The Biden campaign plans to respond to Trump’s Michigan visit, campaign advisors said.

In skipping the first GOP debate last month, Trump cited his double-digit lead in polling. He instead appeared in an interview with Tucker Carlson.

The Republican National Committee, which oversees the debates, has yet to confirm which candidates have qualified to take the stage in Simi Valley. Candidates have to reach a minimum threshold of polling numbers and campaign donors. Florida Gov. Ron DeSantis, entrepreneur Vivek Ramaswamy, former United Nations Ambassador and South Carolina Gov. Nikki Haley, former Vice President Mike Pence, former New Jersey Gov. Chris Christie and South Carolina Sen. Tim Scott are likely to qualify.

In Washington, where House Republicans have failed to reach an agreement to temporarily fund the government before a Sept. 30 deadline, a government shutdown appears all but certain. Republican candidates, Biden campaign advisors say, will have to answer to whether the party can govern functionally.

The president has largely avoided holding campaign-style events, and his 2024 operations have been slow to start since he announced his reelection bid in April. The campaign officially opened its headquarters last month in downtown Wilmington, Del., and has gradually announced a string of hires. Biden has focused on fundraisers and official events highlighting his record.

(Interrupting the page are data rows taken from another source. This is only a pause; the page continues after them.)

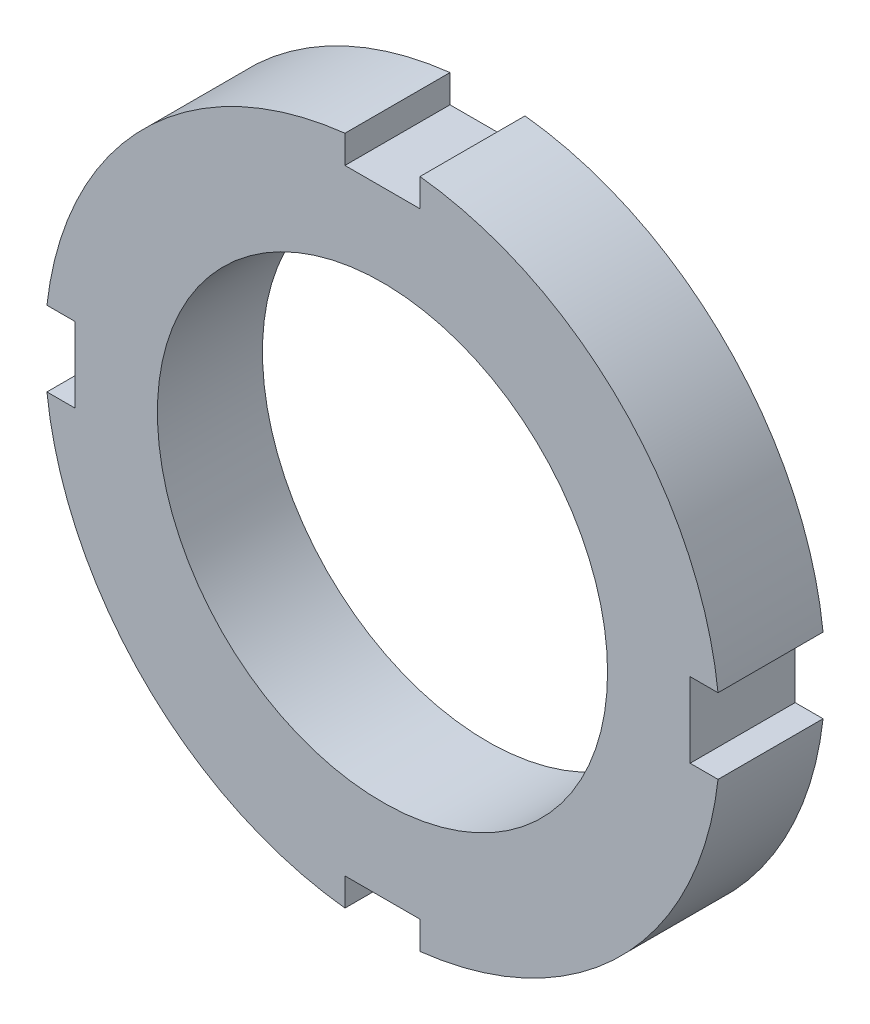
ISO-10303-21;
HEADER;
FILE_DESCRIPTION(('STEP AP214'),'2;1');
FILE_NAME('part.step','',(''),(''),'','','');
FILE_SCHEMA(('AUTOMOTIVE_DESIGN { 1 0 10303 214 1 1 1 1 }'));
ENDSEC;
DATA;
#1=APPLICATION_CONTEXT('core data for automotive mechanical design processes');
#2=APPLICATION_PROTOCOL_DEFINITION('international standard','automotive_design',2000,#1);
#3=PRODUCT_CONTEXT('',#1,'mechanical');
#4=PRODUCT('Part','Part','',(#3));
#5=PRODUCT_RELATED_PRODUCT_CATEGORY('part','',(#4));
#6=PRODUCT_DEFINITION_FORMATION('','',#4);
#7=PRODUCT_DEFINITION_CONTEXT('part definition',#1,'design');
#8=PRODUCT_DEFINITION('design','',#6,#7);
#9=PRODUCT_DEFINITION_SHAPE('','',#8);
#10=(LENGTH_UNIT() NAMED_UNIT(*) SI_UNIT(.MILLI.,.METRE.));
#11=(NAMED_UNIT(*) PLANE_ANGLE_UNIT() SI_UNIT($,.RADIAN.));
#12=(NAMED_UNIT(*) SI_UNIT($,.STERADIAN.) SOLID_ANGLE_UNIT());
#13=UNCERTAINTY_MEASURE_WITH_UNIT(LENGTH_MEASURE(1.E-05),#10,'distance_accuracy_value','');
#14=(GEOMETRIC_REPRESENTATION_CONTEXT(3) GLOBAL_UNCERTAINTY_ASSIGNED_CONTEXT((#13)) GLOBAL_UNIT_ASSIGNED_CONTEXT((#10,
#11,#12)) REPRESENTATION_CONTEXT('',''));
#15=CARTESIAN_POINT('',(0.,0.,0.));
#16=DIRECTION('',(0.,0.,1.));
#17=DIRECTION('',(1.,0.,0.));
#18=AXIS2_PLACEMENT_3D('',#15,#16,#17);
#19=CARTESIAN_POINT('',(15.,0.,-89.));
#20=DIRECTION('',(0.,0.,1.));
#21=DIRECTION('',(1.,0.,0.));
#22=AXIS2_PLACEMENT_3D('',#19,#20,#21);
#23=PLANE('',#22);
#24=CARTESIAN_POINT('',(0.,0.,-89.));
#25=DIRECTION('',(0.,0.,1.));
#26=DIRECTION('',(1.,0.,0.));
#27=AXIS2_PLACEMENT_3D('',#24,#25,#26);
#28=CIRCLE('',#27,15.);
#29=CARTESIAN_POINT('',(15.,0.,-89.));
#30=VERTEX_POINT('',#29);
#31=EDGE_CURVE('E263',#30,#30,#28,.T.);
#32=ORIENTED_EDGE('',*,*,#31,.F.);
#33=EDGE_LOOP('',(#32));
#34=FACE_BOUND('',#33,.T.);
#35=CARTESIAN_POINT('',(0.,0.,-89.));
#36=DIRECTION('',(0.,0.,1.));
#37=DIRECTION('',(1.,0.,0.));
#38=AXIS2_PLACEMENT_3D('',#35,#36,#37);
#39=CIRCLE('',#38,22.5);
#40=CARTESIAN_POINT('',(2.5,-22.3606797749979,-89.));
#41=VERTEX_POINT('',#40);
#42=CARTESIAN_POINT('',(22.3606797749979,-2.5,-89.));
#43=VERTEX_POINT('',#42);
#44=EDGE_CURVE('E260',#41,#43,#39,.T.);
#45=ORIENTED_EDGE('',*,*,#44,.T.);
#46=DIRECTION('',(-1.,0.,0.));
#47=VECTOR('',#46,1.);
#48=CARTESIAN_POINT('',(15.,-2.5,-89.));
#49=LINE('',#48,#47);
#50=CARTESIAN_POINT('',(20.5,-2.5,-89.));
#51=VERTEX_POINT('',#50);
#52=EDGE_CURVE('E238',#43,#51,#49,.T.);
#53=ORIENTED_EDGE('',*,*,#52,.T.);
#54=DIRECTION('',(0.,1.,0.));
#55=VECTOR('',#54,1.);
#56=CARTESIAN_POINT('',(20.5,0.,-89.));
#57=LINE('',#56,#55);
#58=CARTESIAN_POINT('',(20.5,2.5,-89.));
#59=VERTEX_POINT('',#58);
#60=EDGE_CURVE('E244',#51,#59,#57,.T.);
#61=ORIENTED_EDGE('',*,*,#60,.T.);
#62=DIRECTION('',(1.,0.,0.));
#63=VECTOR('',#62,1.);
#64=CARTESIAN_POINT('',(15.,2.5,-89.));
#65=LINE('',#64,#63);
#66=CARTESIAN_POINT('',(22.3606797749979,2.5,-89.));
#67=VERTEX_POINT('',#66);
#68=EDGE_CURVE('E235',#59,#67,#65,.T.);
#69=ORIENTED_EDGE('',*,*,#68,.T.);
#70=CARTESIAN_POINT('',(2.5,22.3606797749979,-89.));
#71=VERTEX_POINT('',#70);
#72=EDGE_CURVE('E259',#67,#71,#39,.T.);
#73=ORIENTED_EDGE('',*,*,#72,.T.);
#74=DIRECTION('',(0.,-1.,0.));
#75=VECTOR('',#74,1.);
#76=CARTESIAN_POINT('',(2.5,0.,-89.));
#77=LINE('',#76,#75);
#78=CARTESIAN_POINT('',(2.5,20.5,-89.));
#79=VERTEX_POINT('',#78);
#80=EDGE_CURVE('E186',#71,#79,#77,.T.);
#81=ORIENTED_EDGE('',*,*,#80,.T.);
#82=DIRECTION('',(-1.,0.,0.));
#83=VECTOR('',#82,1.);
#84=CARTESIAN_POINT('',(15.,20.5,-89.));
#85=LINE('',#84,#83);
#86=CARTESIAN_POINT('',(-2.5,20.5,-89.));
#87=VERTEX_POINT('',#86);
#88=EDGE_CURVE('E197',#79,#87,#85,.T.);
#89=ORIENTED_EDGE('',*,*,#88,.T.);
#90=DIRECTION('',(0.,1.,0.));
#91=VECTOR('',#90,1.);
#92=CARTESIAN_POINT('',(-2.5,0.,-89.));
#93=LINE('',#92,#91);
#94=CARTESIAN_POINT('',(-2.5,22.3606797749979,-89.));
#95=VERTEX_POINT('',#94);
#96=EDGE_CURVE('E202',#87,#95,#93,.T.);
#97=ORIENTED_EDGE('',*,*,#96,.T.);
#98=CARTESIAN_POINT('',(-22.3606797749979,2.5,-89.));
#99=VERTEX_POINT('',#98);
#100=EDGE_CURVE('E262',#95,#99,#39,.T.);
#101=ORIENTED_EDGE('',*,*,#100,.T.);
#102=DIRECTION('',(1.,0.,0.));
#103=VECTOR('',#102,1.);
#104=CARTESIAN_POINT('',(15.,2.5,-89.));
#105=LINE('',#104,#103);
#106=CARTESIAN_POINT('',(-20.5,2.5,-89.));
#107=VERTEX_POINT('',#106);
#108=EDGE_CURVE('E213',#99,#107,#105,.T.);
#109=ORIENTED_EDGE('',*,*,#108,.T.);
#110=DIRECTION('',(0.,-1.,0.));
#111=VECTOR('',#110,1.);
#112=CARTESIAN_POINT('',(-20.5,0.,-89.));
#113=LINE('',#112,#111);
#114=CARTESIAN_POINT('',(-20.5,-2.5,-89.));
#115=VERTEX_POINT('',#114);
#116=EDGE_CURVE('E220',#107,#115,#113,.T.);
#117=ORIENTED_EDGE('',*,*,#116,.T.);
#118=DIRECTION('',(-1.,0.,0.));
#119=VECTOR('',#118,1.);
#120=CARTESIAN_POINT('',(15.,-2.5,-89.));
#121=LINE('',#120,#119);
#122=CARTESIAN_POINT('',(-22.3606797749979,-2.5,-89.));
#123=VERTEX_POINT('',#122);
#124=EDGE_CURVE('E223',#115,#123,#121,.T.);
#125=ORIENTED_EDGE('',*,*,#124,.T.);
#126=CARTESIAN_POINT('',(-2.5,-22.3606797749979,-89.));
#127=VERTEX_POINT('',#126);
#128=EDGE_CURVE('E178',#123,#127,#39,.T.);
#129=ORIENTED_EDGE('',*,*,#128,.T.);
#130=DIRECTION('',(0.,1.,0.));
#131=VECTOR('',#130,1.);
#132=CARTESIAN_POINT('',(-2.5,0.,-89.));
#133=LINE('',#132,#131);
#134=CARTESIAN_POINT('',(-2.5,-20.5,-89.));
#135=VERTEX_POINT('',#134);
#136=EDGE_CURVE('E170',#127,#135,#133,.T.);
#137=ORIENTED_EDGE('',*,*,#136,.T.);
#138=DIRECTION('',(1.,0.,0.));
#139=VECTOR('',#138,1.);
#140=CARTESIAN_POINT('',(15.,-20.5,-89.));
#141=LINE('',#140,#139);
#142=CARTESIAN_POINT('',(2.5,-20.5,-89.));
#143=VERTEX_POINT('',#142);
#144=EDGE_CURVE('E152',#135,#143,#141,.T.);
#145=ORIENTED_EDGE('',*,*,#144,.T.);
#146=DIRECTION('',(0.,-1.,0.));
#147=VECTOR('',#146,1.);
#148=CARTESIAN_POINT('',(2.5,0.,-89.));
#149=LINE('',#148,#147);
#150=EDGE_CURVE('E187',#143,#41,#149,.T.);
#151=ORIENTED_EDGE('',*,*,#150,.T.);
#152=EDGE_LOOP('',(#45,#53,#61,#69,#73,#81,#89,#97,#101,#109,#117,#125,#129,#137,#145,#151));
#153=FACE_BOUND('',#152,.T.);
#154=ADVANCED_FACE('F41',(#34,#153),#23,.T.);
#155=CARTESIAN_POINT('',(0.,0.,150.));
#156=DIRECTION('',(0.,0.,1.));
#157=DIRECTION('',(1.,0.,0.));
#158=AXIS2_PLACEMENT_3D('',#155,#156,#157);
#159=CYLINDRICAL_SURFACE('',#158,22.5);
#160=CARTESIAN_POINT('',(0.,0.,-96.));
#161=DIRECTION('',(0.,0.,1.));
#162=DIRECTION('',(1.,0.,0.));
#163=AXIS2_PLACEMENT_3D('',#160,#161,#162);
#164=CIRCLE('',#163,22.5);
#165=CARTESIAN_POINT('',(2.5,-22.3606797749979,-96.));
#166=VERTEX_POINT('',#165);
#167=CARTESIAN_POINT('',(22.3606797749979,-2.5,-96.));
#168=VERTEX_POINT('',#167);
#169=EDGE_CURVE('E252',#166,#168,#164,.T.);
#170=ORIENTED_EDGE('',*,*,#169,.T.);
#171=DIRECTION('',(0.,0.,1.));
#172=VECTOR('',#171,1.);
#173=CARTESIAN_POINT('',(22.3606797749979,-2.5,150.));
#174=LINE('',#173,#172);
#175=EDGE_CURVE('E237',#168,#43,#174,.T.);
#176=ORIENTED_EDGE('',*,*,#175,.T.);
#177=ORIENTED_EDGE('',*,*,#44,.F.);
#178=DIRECTION('',(0.,0.,1.));
#179=VECTOR('',#178,1.);
#180=CARTESIAN_POINT('',(2.5,-22.3606797749979,150.));
#181=LINE('',#180,#179);
#182=EDGE_CURVE('E165',#41,#166,#181,.F.);
#183=ORIENTED_EDGE('',*,*,#182,.T.);
#184=EDGE_LOOP('',(#170,#176,#177,#183));
#185=FACE_BOUND('',#184,.T.);
#186=ADVANCED_FACE('F350',(#185),#159,.T.);
#187=ORIENTED_EDGE('',*,*,#72,.F.);
#188=DIRECTION('',(0.,0.,1.));
#189=VECTOR('',#188,1.);
#190=CARTESIAN_POINT('',(22.3606797749979,2.5,150.));
#191=LINE('',#190,#189);
#192=CARTESIAN_POINT('',(22.3606797749979,2.5,-96.));
#193=VERTEX_POINT('',#192);
#194=EDGE_CURVE('E226',#67,#193,#191,.F.);
#195=ORIENTED_EDGE('',*,*,#194,.T.);
#196=CARTESIAN_POINT('',(2.5,22.3606797749979,-96.));
#197=VERTEX_POINT('',#196);
#198=EDGE_CURVE('E251',#193,#197,#164,.T.);
#199=ORIENTED_EDGE('',*,*,#198,.T.);
#200=DIRECTION('',(0.,0.,1.));
#201=VECTOR('',#200,1.);
#202=CARTESIAN_POINT('',(2.5,22.3606797749979,150.));
#203=LINE('',#202,#201);
#204=EDGE_CURVE('E182',#197,#71,#203,.T.);
#205=ORIENTED_EDGE('',*,*,#204,.T.);
#206=EDGE_LOOP('',(#187,#195,#199,#205));
#207=FACE_BOUND('',#206,.T.);
#208=ADVANCED_FACE('F393',(#207),#159,.T.);
#209=ORIENTED_EDGE('',*,*,#128,.F.);
#210=DIRECTION('',(0.,0.,1.));
#211=VECTOR('',#210,1.);
#212=CARTESIAN_POINT('',(-22.3606797749979,-2.5,150.));
#213=LINE('',#212,#211);
#214=CARTESIAN_POINT('',(-22.3606797749979,-2.5,-96.));
#215=VERTEX_POINT('',#214);
#216=EDGE_CURVE('E222',#123,#215,#213,.F.);
#217=ORIENTED_EDGE('',*,*,#216,.T.);
#218=CARTESIAN_POINT('',(-2.5,-22.3606797749979,-96.));
#219=VERTEX_POINT('',#218);
#220=EDGE_CURVE('E375',#215,#219,#164,.T.);
#221=ORIENTED_EDGE('',*,*,#220,.T.);
#222=DIRECTION('',(0.,0.,1.));
#223=VECTOR('',#222,1.);
#224=CARTESIAN_POINT('',(-2.5,-22.3606797749979,150.));
#225=LINE('',#224,#223);
#226=EDGE_CURVE('E185',#219,#127,#225,.T.);
#227=ORIENTED_EDGE('',*,*,#226,.T.);
#228=EDGE_LOOP('',(#209,#217,#221,#227));
#229=FACE_BOUND('',#228,.T.);
#230=ADVANCED_FACE('F367',(#229),#159,.T.);
#231=CARTESIAN_POINT('',(-2.5,22.3606797749979,-96.));
#232=VERTEX_POINT('',#231);
#233=CARTESIAN_POINT('',(-22.3606797749979,2.5,-96.));
#234=VERTEX_POINT('',#233);
#235=EDGE_CURVE('E256',#232,#234,#164,.T.);
#236=ORIENTED_EDGE('',*,*,#235,.T.);
#237=DIRECTION('',(0.,0.,1.));
#238=VECTOR('',#237,1.);
#239=CARTESIAN_POINT('',(-22.3606797749979,2.5,150.));
#240=LINE('',#239,#238);
#241=EDGE_CURVE('E207',#234,#99,#240,.T.);
#242=ORIENTED_EDGE('',*,*,#241,.T.);
#243=ORIENTED_EDGE('',*,*,#100,.F.);
#244=DIRECTION('',(0.,0.,1.));
#245=VECTOR('',#244,1.);
#246=CARTESIAN_POINT('',(-2.5,22.3606797749979,150.));
#247=LINE('',#246,#245);
#248=EDGE_CURVE('E203',#95,#232,#247,.F.);
#249=ORIENTED_EDGE('',*,*,#248,.T.);
#250=EDGE_LOOP('',(#236,#242,#243,#249));
#251=FACE_BOUND('',#250,.T.);
#252=ADVANCED_FACE('F357',(#251),#159,.T.);
#253=CARTESIAN_POINT('',(22.5,0.,-96.));
#254=DIRECTION('',(0.,0.,-1.));
#255=DIRECTION('',(-1.,0.,0.));
#256=AXIS2_PLACEMENT_3D('',#253,#254,#255);
#257=PLANE('',#256);
#258=CARTESIAN_POINT('',(0.,0.,-96.));
#259=DIRECTION('',(0.,0.,1.));
#260=DIRECTION('',(1.,0.,0.));
#261=AXIS2_PLACEMENT_3D('',#258,#259,#260);
#262=CIRCLE('',#261,15.);
#263=CARTESIAN_POINT('',(15.,0.,-96.));
#264=VERTEX_POINT('',#263);
#265=EDGE_CURVE('E247',#264,#264,#262,.T.);
#266=ORIENTED_EDGE('',*,*,#265,.T.);
#267=EDGE_LOOP('',(#266));
#268=FACE_BOUND('',#267,.T.);
#269=DIRECTION('',(0.,-1.,0.));
#270=VECTOR('',#269,1.);
#271=CARTESIAN_POINT('',(20.5,0.,-96.));
#272=LINE('',#271,#270);
#273=CARTESIAN_POINT('',(20.5,2.5,-96.));
#274=VERTEX_POINT('',#273);
#275=CARTESIAN_POINT('',(20.5,-2.5,-96.));
#276=VERTEX_POINT('',#275);
#277=EDGE_CURVE('E49',#274,#276,#272,.T.);
#278=ORIENTED_EDGE('',*,*,#277,.T.);
#279=DIRECTION('',(1.,0.,0.));
#280=VECTOR('',#279,1.);
#281=CARTESIAN_POINT('',(22.5,-2.5,-96.));
#282=LINE('',#281,#280);
#283=EDGE_CURVE('E11',#276,#168,#282,.T.);
#284=ORIENTED_EDGE('',*,*,#283,.T.);
#285=ORIENTED_EDGE('',*,*,#169,.F.);
#286=DIRECTION('',(0.,1.,0.));
#287=VECTOR('',#286,1.);
#288=CARTESIAN_POINT('',(2.5,0.,-96.));
#289=LINE('',#288,#287);
#290=CARTESIAN_POINT('',(2.5,-20.5,-96.));
#291=VERTEX_POINT('',#290);
#292=EDGE_CURVE('E271',#166,#291,#289,.T.);
#293=ORIENTED_EDGE('',*,*,#292,.T.);
#294=DIRECTION('',(-1.,0.,0.));
#295=VECTOR('',#294,1.);
#296=CARTESIAN_POINT('',(22.5,-20.5,-96.));
#297=LINE('',#296,#295);
#298=CARTESIAN_POINT('',(-2.5,-20.5,-96.));
#299=VERTEX_POINT('',#298);
#300=EDGE_CURVE('E268',#291,#299,#297,.T.);
#301=ORIENTED_EDGE('',*,*,#300,.T.);
#302=DIRECTION('',(0.,-1.,0.));
#303=VECTOR('',#302,1.);
#304=CARTESIAN_POINT('',(-2.5,0.,-96.));
#305=LINE('',#304,#303);
#306=EDGE_CURVE('E168',#299,#219,#305,.T.);
#307=ORIENTED_EDGE('',*,*,#306,.T.);
#308=ORIENTED_EDGE('',*,*,#220,.F.);
#309=DIRECTION('',(1.,0.,0.));
#310=VECTOR('',#309,1.);
#311=CARTESIAN_POINT('',(22.5,-2.5,-96.));
#312=LINE('',#311,#310);
#313=CARTESIAN_POINT('',(-20.5,-2.5,-96.));
#314=VERTEX_POINT('',#313);
#315=EDGE_CURVE('E300',#215,#314,#312,.T.);
#316=ORIENTED_EDGE('',*,*,#315,.T.);
#317=DIRECTION('',(0.,1.,0.));
#318=VECTOR('',#317,1.);
#319=CARTESIAN_POINT('',(-20.5,0.,-96.));
#320=LINE('',#319,#318);
#321=CARTESIAN_POINT('',(-20.5,2.5,-96.));
#322=VERTEX_POINT('',#321);
#323=EDGE_CURVE('E291',#314,#322,#320,.T.);
#324=ORIENTED_EDGE('',*,*,#323,.T.);
#325=DIRECTION('',(-1.,0.,0.));
#326=VECTOR('',#325,1.);
#327=CARTESIAN_POINT('',(22.5,2.5,-96.));
#328=LINE('',#327,#326);
#329=EDGE_CURVE('E288',#322,#234,#328,.T.);
#330=ORIENTED_EDGE('',*,*,#329,.T.);
#331=ORIENTED_EDGE('',*,*,#235,.F.);
#332=DIRECTION('',(0.,-1.,0.));
#333=VECTOR('',#332,1.);
#334=CARTESIAN_POINT('',(-2.5,0.,-96.));
#335=LINE('',#334,#333);
#336=CARTESIAN_POINT('',(-2.5,20.5,-96.));
#337=VERTEX_POINT('',#336);
#338=EDGE_CURVE('E282',#232,#337,#335,.T.);
#339=ORIENTED_EDGE('',*,*,#338,.T.);
#340=DIRECTION('',(1.,0.,0.));
#341=VECTOR('',#340,1.);
#342=CARTESIAN_POINT('',(22.5,20.5,-96.));
#343=LINE('',#342,#341);
#344=CARTESIAN_POINT('',(2.5,20.5,-96.));
#345=VERTEX_POINT('',#344);
#346=EDGE_CURVE('E283',#337,#345,#343,.T.);
#347=ORIENTED_EDGE('',*,*,#346,.T.);
#348=DIRECTION('',(0.,1.,0.));
#349=VECTOR('',#348,1.);
#350=CARTESIAN_POINT('',(2.5,0.,-96.));
#351=LINE('',#350,#349);
#352=EDGE_CURVE('E280',#345,#197,#351,.T.);
#353=ORIENTED_EDGE('',*,*,#352,.T.);
#354=ORIENTED_EDGE('',*,*,#198,.F.);
#355=DIRECTION('',(-1.,0.,0.));
#356=VECTOR('',#355,1.);
#357=CARTESIAN_POINT('',(22.5,2.5,-96.));
#358=LINE('',#357,#356);
#359=EDGE_CURVE('E301',#193,#274,#358,.T.);
#360=ORIENTED_EDGE('',*,*,#359,.T.);
#361=EDGE_LOOP('',(#278,#284,#285,#293,#301,#307,#308,#316,#324,#330,#331,#339,#347,#353,#354,#360));
#362=FACE_BOUND('',#361,.T.);
#363=ADVANCED_FACE('F306',(#268,#362),#257,.T.);
#364=CARTESIAN_POINT('',(0.,0.,150.));
#365=DIRECTION('',(0.,0.,1.));
#366=DIRECTION('',(1.,0.,0.));
#367=AXIS2_PLACEMENT_3D('',#364,#365,#366);
#368=CYLINDRICAL_SURFACE('',#367,15.);
#369=ORIENTED_EDGE('',*,*,#31,.T.);
#370=EDGE_LOOP('',(#369));
#371=FACE_BOUND('',#370,.T.);
#372=ORIENTED_EDGE('',*,*,#265,.F.);
#373=EDGE_LOOP('',(#372));
#374=FACE_BOUND('',#373,.T.);
#375=ADVANCED_FACE('F43',(#371,#374),#368,.F.);
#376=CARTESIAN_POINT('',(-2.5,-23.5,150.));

Biden will also participate in GOP debate counter-programming next week, traveling to San Francisco on Tuesday and Wednesday for campaign fundraisers and to meet with the President’s Council of Advisors on Science and Technology. On Thursday, he’ll stop in Phoenix to honor the legacy of late Republican Sen. John McCain of Arizona in a speech focused on democracy. Biden will also meet with donors in Arizona.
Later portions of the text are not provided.